Processing Block API is a scalable interface that replaces Legacy API for easier integration of Face SDK capabilities into your application.

Key features

  • Multiple components combined into a single integration
  • Simplicity and ease of learning
  • Rapid implementation
  • Long-term support and updates

Requirements

  • Windows x86 64-bit or Linux x86 64-bit.
  • Face SDK windows_x86_64 or linux_x86_64 is installed (see Getting Started]).

Context-container

Processing Block API is based on the use of Context. Context is a heterogeneous container that consists of a set of hierarchically organized data presented in the form of key–value pairs. The closest analogue of Context is a JSON object. Each Context object can contain a scalar object (integer, real, boolean, string), a memory area or pointer, a sequential array of Context objects, or an associative container of string-Context pairs, with unlimited nesting.

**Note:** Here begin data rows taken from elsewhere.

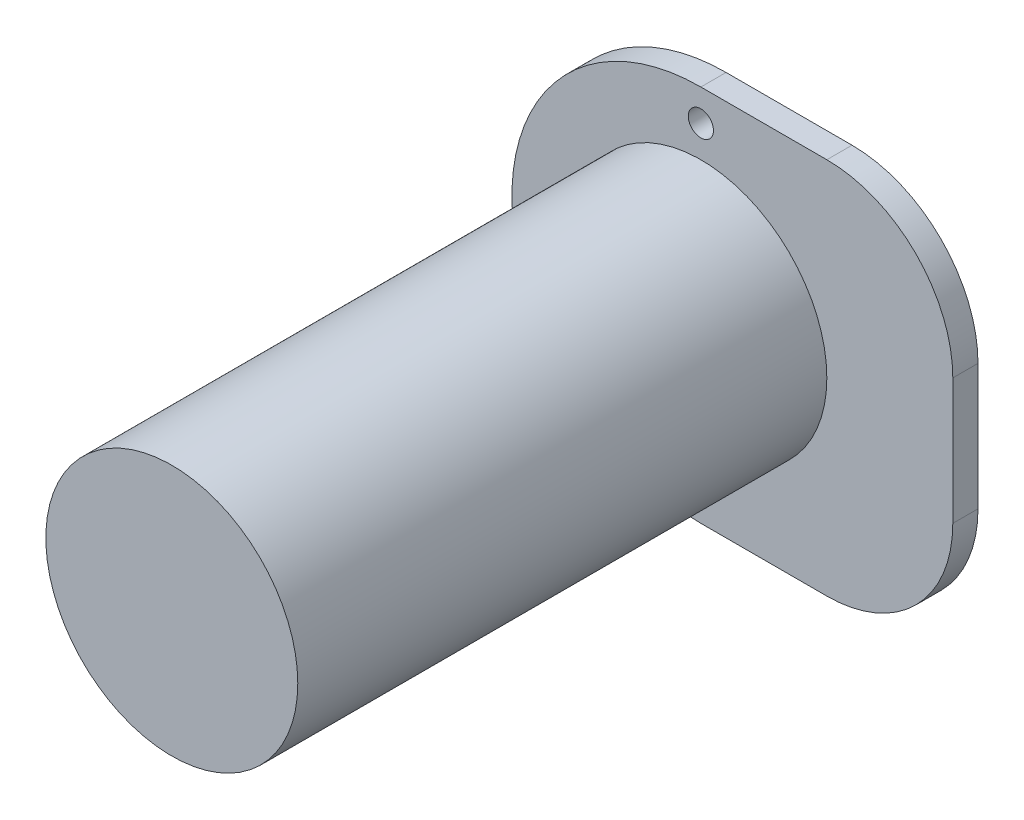
SolidWorks part; units mm, degrees
ref_plane "Front Plane" through (0, 0, 0) normal (0, 0, 1) x (1, 0, 0)
ref_plane "Top Plane" through (0, 0, 0) normal (0, 1, 0) x (1, 0, 0)
ref_plane "Right Plane" through (0, 0, 0) normal (1, 0, 0) x (0, 0, -1)
sketch "Sketch1" plane through (0, 0, 0) normal (0, 0, 1) x (1, 0, 0)
  circle A0 centre (0, 0) radius 50
  dimension "D1" = 100
extrude "Boss-Extrude1" add sketch "Sketch1" along normal mid plane 210
sketch "Sketch2" plane through (0, 0, -105) normal (0, 0, -1) x (-1, 0, 0)
  line L1 (0, -75) -> (-100, -75)
  line L3 (0, 75) -> (-100, 75)
  line L4 (-100, -75) -> (-100, 75)
  arc A0 (0, -75) -> (0, 75) centre (0, 0) ccw
  point P7 (0, 75.4915)
  dimension "D1" = 150
  dimension "D2" = 100
extrude "Boss-Extrude2" add sketch "Sketch2" along normal blind 10
sketch "Sketch3" plane through (0, 0, -115) normal (0, 0, -1) x (-1, 0, 0)
  circle A0 centre (0, 0) radius 62.5 construction
  circle A1 centre (0, 62.5) radius 5
  circle A2 centre (0, -62.5) radius 5
  circle A3 centre (62.5, 0) radius 5
  dimension "D1" = 10
  dimension "D2" = 125
extrude "Cut-Extrude1" cut sketch "Sketch3" against normal blind 10
fillet "Fillet1" radius 50 2 edges at (100, 75, -110) (100, -75, -110)
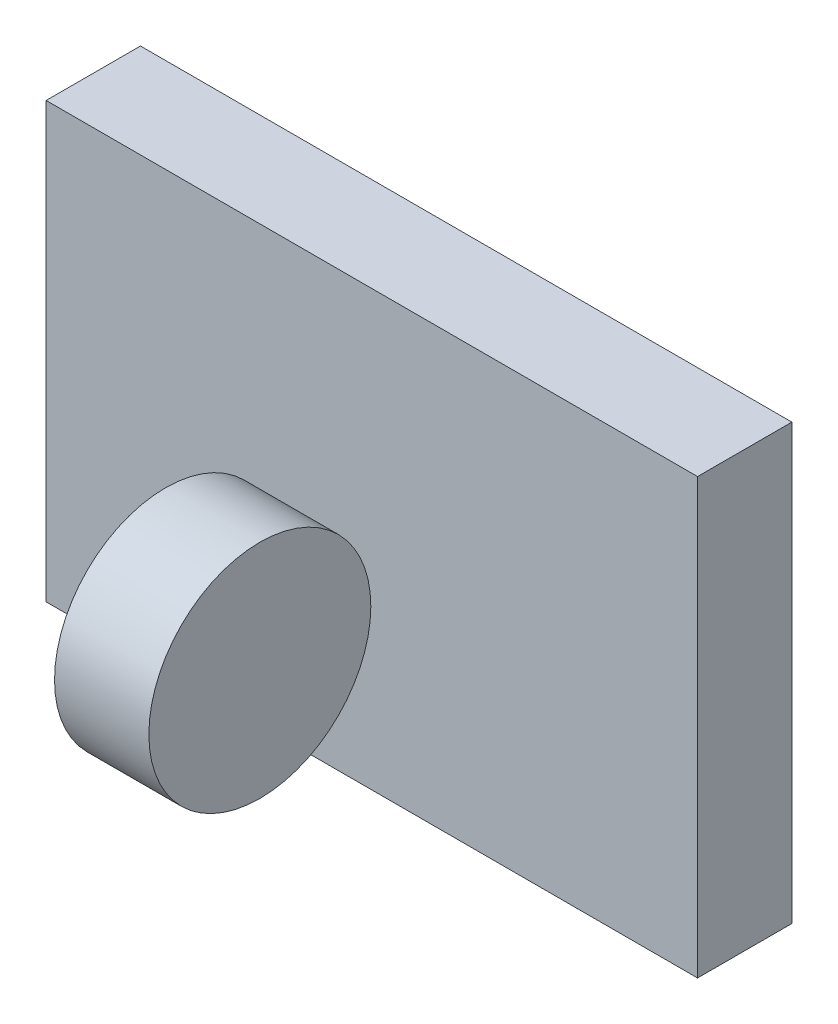
SolidWorks part; units mm, degrees
ref_plane "Спереди" through (0, 0, 0) normal (0, 0, 1) x (1, 0, 0)
ref_plane "Сверху" through (0, 0, 0) normal (0, 1, 0) x (1, 0, 0)
ref_plane "Справа" through (0, 0, 0) normal (1, 0, 0) x (0, 0, -1)
sketch "Эскиз1" plane through (0, 0, 0) normal (0, 0, 1) x (1, 0, 0)
  line L1 (-32.4073, 21.2507) -> (36.6575, 21.2507)
  line L2 (-32.4073, 21.2507) -> (-32.4073, -24.7925)
  line L3 (-32.4073, -24.7925) -> (36.6575, -24.7925)
  line L4 (36.6575, 21.2507) -> (36.6575, -24.7925)
extrude "Бобышка-Вытянуть1" add sketch "Эскиз1" against normal blind 10
sketch "Эскиз2" plane through (0, 0, 0) normal (1, 0, 0) x (0, 0, -1)
  circle A0 centre (-19.75, 0) radius 11.7674
  point P3 (-19.75, 0)
extrude "Бобышка-Вытянуть3" add sketch "Эскиз2" along normal blind 10 separate body

How to create and use a Context object

  1. Create a FacerecService].

  2. Create a Context-container:

auto array_elem0 = service->createContext();
  1. Common set of operations with a Context-container:
  • creating an associative container by calling ["key"] on empty Context:
array_elem0["name"] = "Julius Zeleny";      // pass string
array_elem0["phone"] = 11111111111l; // pass integer (long)
array_elem0["social_score"] = 0.999; // pass double
array_elem0["verified"] = true; // pass bool
  • getters:
ASSERT_EQ( array_elem0["name"].getString(), "Julius Zeleny" );
ASSERT_EQ( array_elem0["phone"].getLong(), 11111111111l );
ASSERT_EQ( array_elem0["social_score"].getDouble(), 0.999 );
ASSERT_EQ( array_elem0["verified"].getBool(), true );
  • creating a sequence array by calling push_back on empty Context:
auto array == service->createContext();
array.push_back(array_elem0);
  • iterating over array:

// get by index
ASSERT_EQ( array[0]["phone"].getLong(), 11111111111l );

// iterate with index
size_t array_sz = array.size();
for(size_t i = 0; i < array_sz; ++i)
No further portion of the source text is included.